La importancia del afecto en la salud ha sido demostrada por estudios como este de Harvard, pero nunca de manera tan radical como fue el caso de la investigación de Rene Spitz en la década de los años 50 del siglo XX.

Desde antes de Spitz se había notado que los orfanatos tenían un altísimo índice de mortandad, y a principios del siglo XX se creía que la causa debía de ser las enfermedades contagiosas producto de la falta de limpieza de estos lugares. Fue entonces que el doctor austriaco René Spitz propuso una teoría alterna, que quizás parecería poco científica: los infantes sufrían de falta de amor. Para probar esto, Spitz comparó un grupo de infantes que eran criados en cunas de hospital aisladas con infantes criados por madres en prisión. Si el problema eran los patógenos del lugar, entonces los niños criados en la cárcel debían de tener peores resultados. El estudio mostró que el 37% de los infantes criados sin madre en un hospital murieron, mientras que no se registró ninguna muerte entre los bebés encarcelados con sus madres. A su vez, los bebés de la cárcel crecieron más rápido y mostraron mejores resultados en diversas pruebas de salud. La investigación siguió algunos años más, y Spitz notó que los huérfanos que sobrevivieron tuvieron una tendencia mucho más marcada a contraer enfermedades y a tener problemas psicológicos.

El trabajo de Spitz fue desprestigiado por la ciencia. Se argumentó simplemente que los genes de los padres que abandonan a sus hijos debían de ser deficientes en comparación, y otras ideas por el estilo. Sin embargo, la ciencia dio la razón a Spitz: en el 2007, un estudio controlado en Rumanía comparó el crecimiento de bebés en orfanatos y bebés que crecieron en hogares con padres adoptivos. Dicha investigación sólo tomó en cuenta a infantes sin defectos genéticos. En este caso el estudio probó que los niños de orfanato crecen menos, tienen un IQ menor y el 52% desarrolla una enfermedad mental, mientras que sólo el 22% de los niños con padres adoptivos lo hacen. Los investigadores explican estas cifras sugiriendo que este 22% podría deberse al hecho de que estos niños con padres adoptivos pasan tiempo en orfanatos antes de ser adoptados.

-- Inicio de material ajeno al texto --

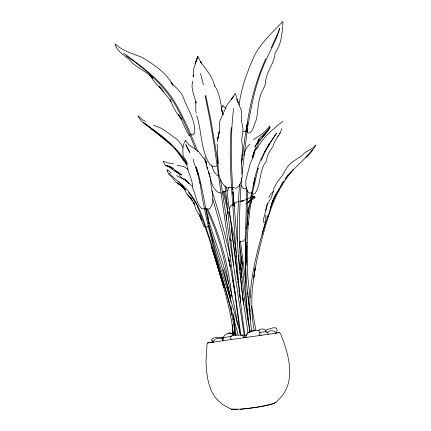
<?xml version="1.0" encoding="UTF-8"?>
<svg xmlns="http://www.w3.org/2000/svg" width="431" height="431" viewBox="0 0 431 431"><rect width="100%" height="100%" fill="white"/><g stroke="black" fill="none" stroke-linecap="round" stroke-linejoin="round"><path stroke-width="0.65" d="M247.523 190.389L246.968 228.926M245.875 337.349L246.43 334.952L248.418 332.446L255.47 330.27L259.36 330.755L260.082 332.5L259.053 335.28M246.877 242.222L246.882 265.507M246.812 262.619L246.931 246.166C246.624 263.4 247.76 280.64 250.201 297.697M193.239 74.789L193.212 77.084L193.756 68.572L197.824 56.278L201.223 62.969L200.356 61.757C206.066 69.283 212.731 76.686 214.649 86.232M195.895 101.404L195.76 110.045L196.229 113.03M253.045 157.229L253.083 155.311L252.868 156.598M246.677 187.447C245.95 235.568 242.362 284.131 250.099 331.897M265.803 215.128L265.765 220.785M246.931 246.747L248.278 223.069L248.154 224.718L249.91 209.999L252.41 193.223L258.201 167.998L257.997 168.683M241.646 177.814C238.925 211.071 238.435 244.576 241.786 277.812L240.611 264.445L244.07 295.871L250.034 332.339M231.28 127.587C229.475 147.612 230.418 167.713 231.495 187.744C235.278 237.05 237.535 286.55 244.97 335.501M239.447 184.312L237.616 217.289L237.492 241.678M233.575 108.434C229.75 140.985 231.275 173.763 234.189 206.314L233.392 197.188M192.759 81.27C190.427 88.942 194.72 95.741 195.992 103.063L195.949 101.899M242.033 173.828L247.416 128.4M241.543 163.699L245.686 131.843L247.572 122.533L246.257 130.609C249.28 105.864 255.486 81.437 265.808 58.697M283.027 22.04C282.106 32.751 281.75 43.935 275.075 52.965C274.509 64.025 265.448 72.23 265.512 83.409C264.521 87.784 261.606 91.394 260.297 95.671C257.749 103.812 258.153 112.523 255.955 120.782C254.597 122.673 251.542 137.882 246.753 131.552M265.938 331.994L266.056 331.078C264.688 328.217 260.416 328.476 258.368 330.48M217.337 141.659L219.384 131.218L217.639 139.315L219.293 131.444L219.568 121.564L227.212 104.641L233.279 96.695L231.582 99.173L235.181 93.441M213.383 342.699L213.604 340.991C215.662 337.683 219.945 337.602 223.075 339.31M228.856 187.463L228.678 188.778L227.035 191.122M247.405 128.384L246.936 131.59C250.513 110.778 254.042 89.88 261.832 70.118C267.058 55.863 275.425 42.965 279.751 28.349L275.948 38.542M253.385 186.17C255.308 171.064 261.278 156.663 269.203 143.749M205.091 156.658C204.316 159.201 206.638 161.296 206.309 163.845M265.706 210.84L266.789 205.14L270.894 198.389L272.613 193.686L274.046 187.733L277.354 181.963L282.154 175.756L287.165 167.233L289.971 163.952L292.778 161.668L301.571 155.833L304.976 152.59L313.251 147.844L315.567 145.031M253.401 186.187L254.021 183.04M254.268 181.785L255.012 178.008C244.194 221.502 242.707 267.252 250.222 311.424M239.124 105.089C241.258 87.186 247.712 70.495 255.147 54.258C262.134 41.726 272.963 31.813 282.817 21.55M276.486 332.7L277.149 330.065L276.39 328.002L273.302 327.749L266.573 329.667L265.523 330.986M262.14 234.259L265.787 221.486M265.889 221.243C255.26 256.564 245.454 293.861 251.769 330.949M197.824 56.278L195.114 63.944L197.867 56.752M267.597 203.61L263.352 219.826L263.61 222.234L264.909 222.924C269.908 215.204 270.027 205.463 274.315 197.414M243.655 155.957C244.668 151.502 246.37 147.079 249.996 144.083M270.415 207.774L275.576 194.796L278.981 189.128M271.298 204.978L273.518 198.933L282.898 182.512L281.201 185.33M281.632 128.664C280.425 135.42 274.202 139.649 273.017 146.47C269.661 150.78 267.021 155.645 266.353 161.135C258.692 170.455 261.649 183.692 255.001 193.497L253.223 194.203L251.467 192.802L249.118 193.083L247.297 190.922L245.826 185.416L245.848 180.32L250.147 163.952L254.457 153.619M275.576 194.796L271.616 204.31L274.547 197.08M254.683 150.494L252.2 157.988L254.505 150.198L255.982 147.714L254.942 149.94M253.04 156.663C254.268 150.575 258.6 145.619 259.09 139.353L258.18 141.745M208.383 225.375L207.742 227.142L205.571 226.517M266.897 217.747L267.576 215.92M267.608 216.782L268.292 215.015M229.13 209.326L230.66 205.695L238.483 201.352M221.345 109.038L222.773 105.573L225.876 108.337M271.616 204.294L274.612 197.064M257.226 143.033C258.142 137.737 263.029 135.593 266.288 132.096L263.767 135.199M261.245 160.364L265.113 151.529L270.005 143.135L276.551 133.114L268.879 144.719M245.837 335.587L247.41 333.271L248.709 332.349L251.515 330.685L253.595 330.572M250.939 200.178L251.418 199.106M271.244 47.852L276.885 35.525M227.94 212.327L226.453 215.452L226.598 218.533M212.171 342.214L207.553 342.931L206.993 344.477L205.991 361.641L206.422 370.094L207.731 378.994L209.294 385.244L211.713 391.563L213.83 395.351L216.308 398.799L222.768 404.644L231.517 409.315L242.184 409.105L256.736 407.317L268.012 405.178L273.717 403.594L275.856 402.452L281.836 396.261C296.162 378.035 288.064 352.897 280.516 333.502L279.245 332.587L275.98 333.125M185.459 140.641C182.119 145.166 182.889 150.748 183.164 155.984L186.86 161.954C186.278 171.172 193.05 178.757 192.614 188.067C196.078 194.753 196.083 203.858 202.107 208.906L205.188 208.168L207.747 209.17L208.669 208.938L210.204 208.178L212.311 203.901L212.795 195.884L211.12 185.346L210.403 177.782L207.009 167.169L207.273 168.435L206.503 164.163L204.553 159.545L198.621 151.69L188.88 144.724L185.459 140.641L185.465 140.926M265.113 151.529L264.823 152.089L270.005 143.135M258.277 141.955L259.101 140.479L258.433 141.616M241.074 161.092L242.351 158.834M222.207 339.305L224.001 336.153L225.844 334.214L230.391 333.233L232.061 334.025L233.079 335.049M256.714 149.519C262.22 137.559 272.92 129.392 282.865 121.235M250.54 204.165L251.241 201.87L251.095 200.781M279.999 187.426L284.083 180.627M268.782 197.43L270.927 193.907L273.54 191.332M315.918 145.328L310.439 153.086L292.17 170.778M257.641 142.316L255.023 146.427L258.072 142.155M254.818 146.572L255.518 145.527M277.774 136.395L278.464 135.372M279.493 133.836L280.182 132.813M249.905 205.091C248.024 207.516 247.642 210.813 248.143 213.776M267.43 130.852L268.459 129.37L262.226 137.527M285.408 178.924L288.323 174.792M267.549 130.372L264.375 134.844L270.102 128.012L269.849 126.186M285.101 178.93L292.967 169.588M287.962 175.557L288.716 174.523M245.692 238.273L243.666 241.026L239.927 241.64M269.596 125.938C265.846 132.064 259.462 135.722 253.59 139.515M258.341 142.532L266.342 132.683M293.037 170.094C279.945 184.635 272.408 202.888 266.859 221.372C261.493 239.895 256.537 258.584 253.73 277.688L255.2 267.845L252.264 288.937C251.429 302.918 251.65 317.027 254.247 330.83M261.665 137.785L262.926 136.234M267.409 130.712L269.795 127.818L268.755 128.896M260.06 139.746L260.852 138.782M306.926 156.566L312.416 150.004L311.494 150.995M263.341 135.819L266.396 132.333M264.973 133.384L263.519 135.038L265.049 133.373M310.595 151.998L305.186 157.875M267.231 332.824C269.181 329.758 274.423 329.974 276.12 333.152M246.629 187.243L245.023 188.967L242.836 188.25L241.091 185.023M289.6 173.429L291.308 171.646M250.443 199.607L247.836 202.355L250.637 199.962M275.549 402.188L274.601 403.125L273.249 403.675L263.794 405.986L253.056 407.818L240.282 409.24M251.198 196.482L249.533 198.071L247.41 199.079M251.332 198.734L252.248 197.899L254.721 197.543M211.653 342.241L212.612 341.39M250.6 199.989L247.442 202.624M251.936 198.486L254.495 196.369L254.85 196.919M247.065 202.92L249.937 200.803M245.638 204.078L246.537 203.351M250.95 200.614L254.877 197.877L254.721 196.773M252.593 198.001L254.155 196.94M222.159 192.485L223.603 191.547L225.892 191.267M221.927 337.575L223.042 336.983M279.245 332.587L277.801 332.883M246.882 199.332L241.355 201.369L243.714 200.652L239.636 201.288M190.006 135.302L188.999 135.436C184.807 128.794 182.841 120.917 178.434 114.334L181.688 119.538L176.182 112.028L173.359 107.265L170.067 99.556L171.032 101.711L169.2 98.898L159.066 86.372L163.732 91.905C159.465 86.679 153.899 82.558 150.92 76.314L152.687 78.27L149.821 75.317L151.836 76.987C145.748 71.444 138.076 68.173 131.999 62.64C126.87 56.035 117.97 53.051 115.082 44.619M217.289 165.666L213.48 166.835L210.016 164.62C200.447 149.934 202.015 131.735 196.708 115.605M259.101 335.555L261.412 334.855M223.377 281.922L211.168 242.842L205.307 225.58C201.029 211.152 194.629 196.908 183.698 186.278L183.358 186.37L169.011 173.251M234.636 333.368L235.924 333.147L234.636 333.368L235.358 333.19M228.01 333.298L230.143 332.802L232.481 333.626L233.769 334.919M231.759 187.183L227.272 187.975C216.745 181.273 218.355 166.819 217.693 155.903L217.941 163.656L217.149 143.943M231.873 336.282L224.702 337.425L223.059 338.524L222.897 340.054L223.312 341.034M276.152 333.163L207.553 342.931M259.537 332.376L265.41 331.768L267.349 332.403L268.19 334.165M254.673 196.584L252.884 196.396L252.033 195.69L252.135 196.18M243.235 131.363L245.686 131.175M243.402 337.166L246.031 337.096M237.556 409.348L231.038 409.057M231.603 333.626L232.869 333.648M241.048 335.14L246.904 335.323M234.798 243.283L236.01 243.375M232.185 204.87L234.696 205.355M173.65 163.71L167.869 162.859L163.403 161.162M177.136 165.229L183.967 166.635L188.347 169.889M169.431 166.172L165.536 165.208L173.467 168.543L169.431 166.172L171.721 168.553M221.195 193.104L217.989 192.274C213.695 189.112 211.556 184.01 210.511 178.93M218.592 176.015L217.348 175.579L213.776 171.306L211.54 164.981M153.441 125.249L159.782 127.517L163.505 129.65L177.189 139.552L180.621 143.566L182.884 147.407M232.589 187.291L235.714 188.315L238.709 186.354L239.544 185.287L241.484 180.681L242.211 176.78L241.247 159.659L242.772 148.981L241.635 140.355L243.014 129.386L242.712 126.353L241.312 120.459L241.759 116.176L241.446 110.805L236.861 99.464L238.208 102.546L235.337 93.705M171.527 168.149L165.315 165.321L163.29 161.431M190.48 134.052L192.652 134.984L194.667 133.125C195.819 120.33 187.507 109.248 183.39 97.648C181.112 91.221 175.401 87.315 170.918 82.542L173.079 85.338C166.215 72.688 154.185 64.779 142.252 57.463C132.947 53.67 122.695 51.02 115.19 44.01M176.484 175.665L185.109 180.056M204.924 227.105L204.057 226.652L203.357 225.176L199.542 215.015L201.837 220.823L200.113 216.513L196.315 210.328L194.004 203.556L194.456 204.391L189.424 196.579L191.31 199.095L186.65 193.761L183.73 188.158L185.492 190.044L181.505 186.235L175.713 182.011L172.373 177.653L168.424 173.882L166.991 169.884M145.543 121.45L142.208 119.602L138.141 115.772M244.361 336.756L241.236 334.984L233.667 335.226L231.485 335.792L230.429 336.805L230.213 337.979L231.646 339.682M171.77 167.971L169.749 166.754L171.958 169.124L179.161 173.752M180.239 184.888L177.206 182.976L178.843 184.037M179.932 184.737L181.02 185.443M223.042 338.405L221.642 337.565L214.832 337.726L212.698 338.26L211.605 339.316L212.338 341.659M179.177 173.72L174.092 169.943L175.665 170.509L181.785 175.034L174.092 169.943L178.019 172.874L180.74 177.012L185.255 180.072L186.025 181.047M148.873 126.617C163.839 136.665 177.868 148.35 187.221 163.99M156.814 132.737L144.956 123.573M161.016 135.867L165.741 139.396M126.105 55.814C144.002 68.276 160.898 82.391 172.842 100.897C182.221 116.214 189.123 132.893 195.69 149.568M123.638 53.228C142.343 66.73 161.172 80.651 173.72 100.445C183.541 116.575 190.814 134.089 197.807 151.583M167.12 169.685L171.382 173.063M171.134 144.552L141.81 121.553L138.017 116.386M143.512 122.388C159.238 135.253 176.624 146.766 186.855 164.949M190.227 184.425L192.183 186.187M183.897 187.911L181.57 185.799L185.325 189.451M178.461 181.478L183.698 186.278M187.135 194.069L191.31 199.095M174.975 148.393L175.778 149.395M176.581 150.397L177.383 151.405M229.437 238.429L231.393 240.924M186.72 164.599L183.148 159.987L178.014 152.181M185.346 162.051L186.106 163.047M188.627 192.291L196.832 204.477L192.969 198.459M190.96 198.292L191.633 199.327M191.359 198.95L192.436 200.641M193.508 202.328L194.586 204.019M193.998 202.953L194.629 204.041M214.331 85.43C220.613 94.006 220.349 104.668 222.967 114.447M199.451 214.406L200.237 216.039M207.51 208.857C220.629 236.452 228.478 266.455 231.948 296.76M206.196 208.189C217.402 231.948 224.643 257.582 228.478 283.544M196.983 205.404C208.049 232.126 215.683 260.162 223.975 287.849L211.637 247.049C220.527 276.093 230.321 305.202 233.527 335.55M209.18 173.574L208.367 171.215L209.978 177.033M207.866 218C218.856 253.099 232.595 287.73 237.422 324.408M211.912 190.852C218.943 212.456 225.246 234.308 230.326 256.45M205.42 208.087L207.963 216.233L209.024 223.608M208.895 225.682L220.764 263.293L227.099 285.209L230.994 302.147M222.886 113.967L221.362 108.908L223.123 115.077M212.925 199.548L223.042 235.154L230.224 266.52L228.527 257.409L235.105 293.005M196.304 166.775C203.971 191.154 206.029 216.841 212.93 241.43L212.483 239.604C220.532 271.805 232.848 302.772 240.471 335.081M223.975 191.041L227.277 204.38M223.57 282.553C228.667 300.008 233.171 317.706 235.267 335.803M227.503 285.15L230.779 297.783L223.398 269.37M200.512 73.399L203.373 84.805M223.193 191.843L228.236 213.34M229.125 212.004L233.871 236.091L236.371 253.493M238.154 335.054C225.154 284.115 206.999 234.394 199.903 182.054L200.205 183.676L196.008 167.664L198.384 175.056L193.449 161.081L193.309 159.341M205.802 95.666L210.813 119.786L217.747 161.302M205.134 95.704L210.134 120.815L214.191 145.177L229.173 249.549L240.859 334.844M222.773 105.573L222.892 106.134M212.079 340.07L212.424 341.751M231.172 228.5L234.674 252.135L237.508 279.493M255.869 330.227L251.521 306.053M232.718 280.031L234.873 293.037L239.868 332.716M226.582 218.328L226.83 219.837M250.6 319.538L248.288 299.847M220.51 179.695L244.275 335.738M239.243 292.105L239.043 290.785L239.324 292.687M239.641 294.745L239.841 296.065M240.293 276.012L242.605 296.399L248.03 332.991M239.604 294.588L239.792 295.86M240.444 300.299L240.724 302.201L226.544 187.517M240.396 240.956L245.794 282.574M236.635 255.4L236.808 256.671M233.273 314.215L236.064 335.388M239.388 242.314L242.27 265.34L241.306 256.811L248.251 321.187M242.605 296.399L243.585 304.593L239.103 263.163L233.413 196.73M233.02 331.601L233.494 335.523M248.881 308.849L249.032 310.164M249.339 312.793L249.495 314.107M233.543 264.596L233.694 265.905M239.851 272.123L240.153 274.773M225.09 185.944L233.397 263.26M232.724 189.408L232.541 187.41L232.708 189.365M232.977 192.07L233.29 195.399M237.691 281.459L237.815 282.768M248.224 299.701L248.445 302.201L248.062 296.178M232.939 191.973L233.225 195.232M233.726 315.988L234.044 319.953M238.602 255.098L239.641 270.366M231.14 306.473L231.684 314.517M247.809 292.164L247.976 294.842M206.368 164.567L206.169 161.388L206.417 165.509M234.13 321.197L234.776 334.558M232.255 324.575L232.573 333.966M186.903 181.257L184.732 179.032L189.446 184.037L186.903 181.257M189.769 152.332L185.788 144.757L189.769 152.332M254.775 197.242L254.495 196.369L254.883 197.673L254.775 197.242"/></g></svg>

El doctor Bruce Perry lo dice de manera muy sencilla: "el problema básico de criar un infante en un orfanato es que la oportunidad de establecer una relación amorosa con un pequeño grupo de adultos es rara". Los bebés no están hechos para aprender a conectar con las personas cuando son expuestos a decenas de ellas durante períodos cortos. La realidad es que los orfanatos no son lugares sanos para que los bebés crezcan y esta información debe tomarse cuenta, para que en casos en los que no hay otra opción, se intente asignar a un adulto responsable que sea algo así como una madre temporal para el bebé, focalizando el tiempo y el trato e intentando prodigar afecto físico y emocional. Ciertamente es difícil encontrar muchas personas para hacer esto, pero hay que decir que aquellas que puedan llenar este vacío son verdaderamente heroicas.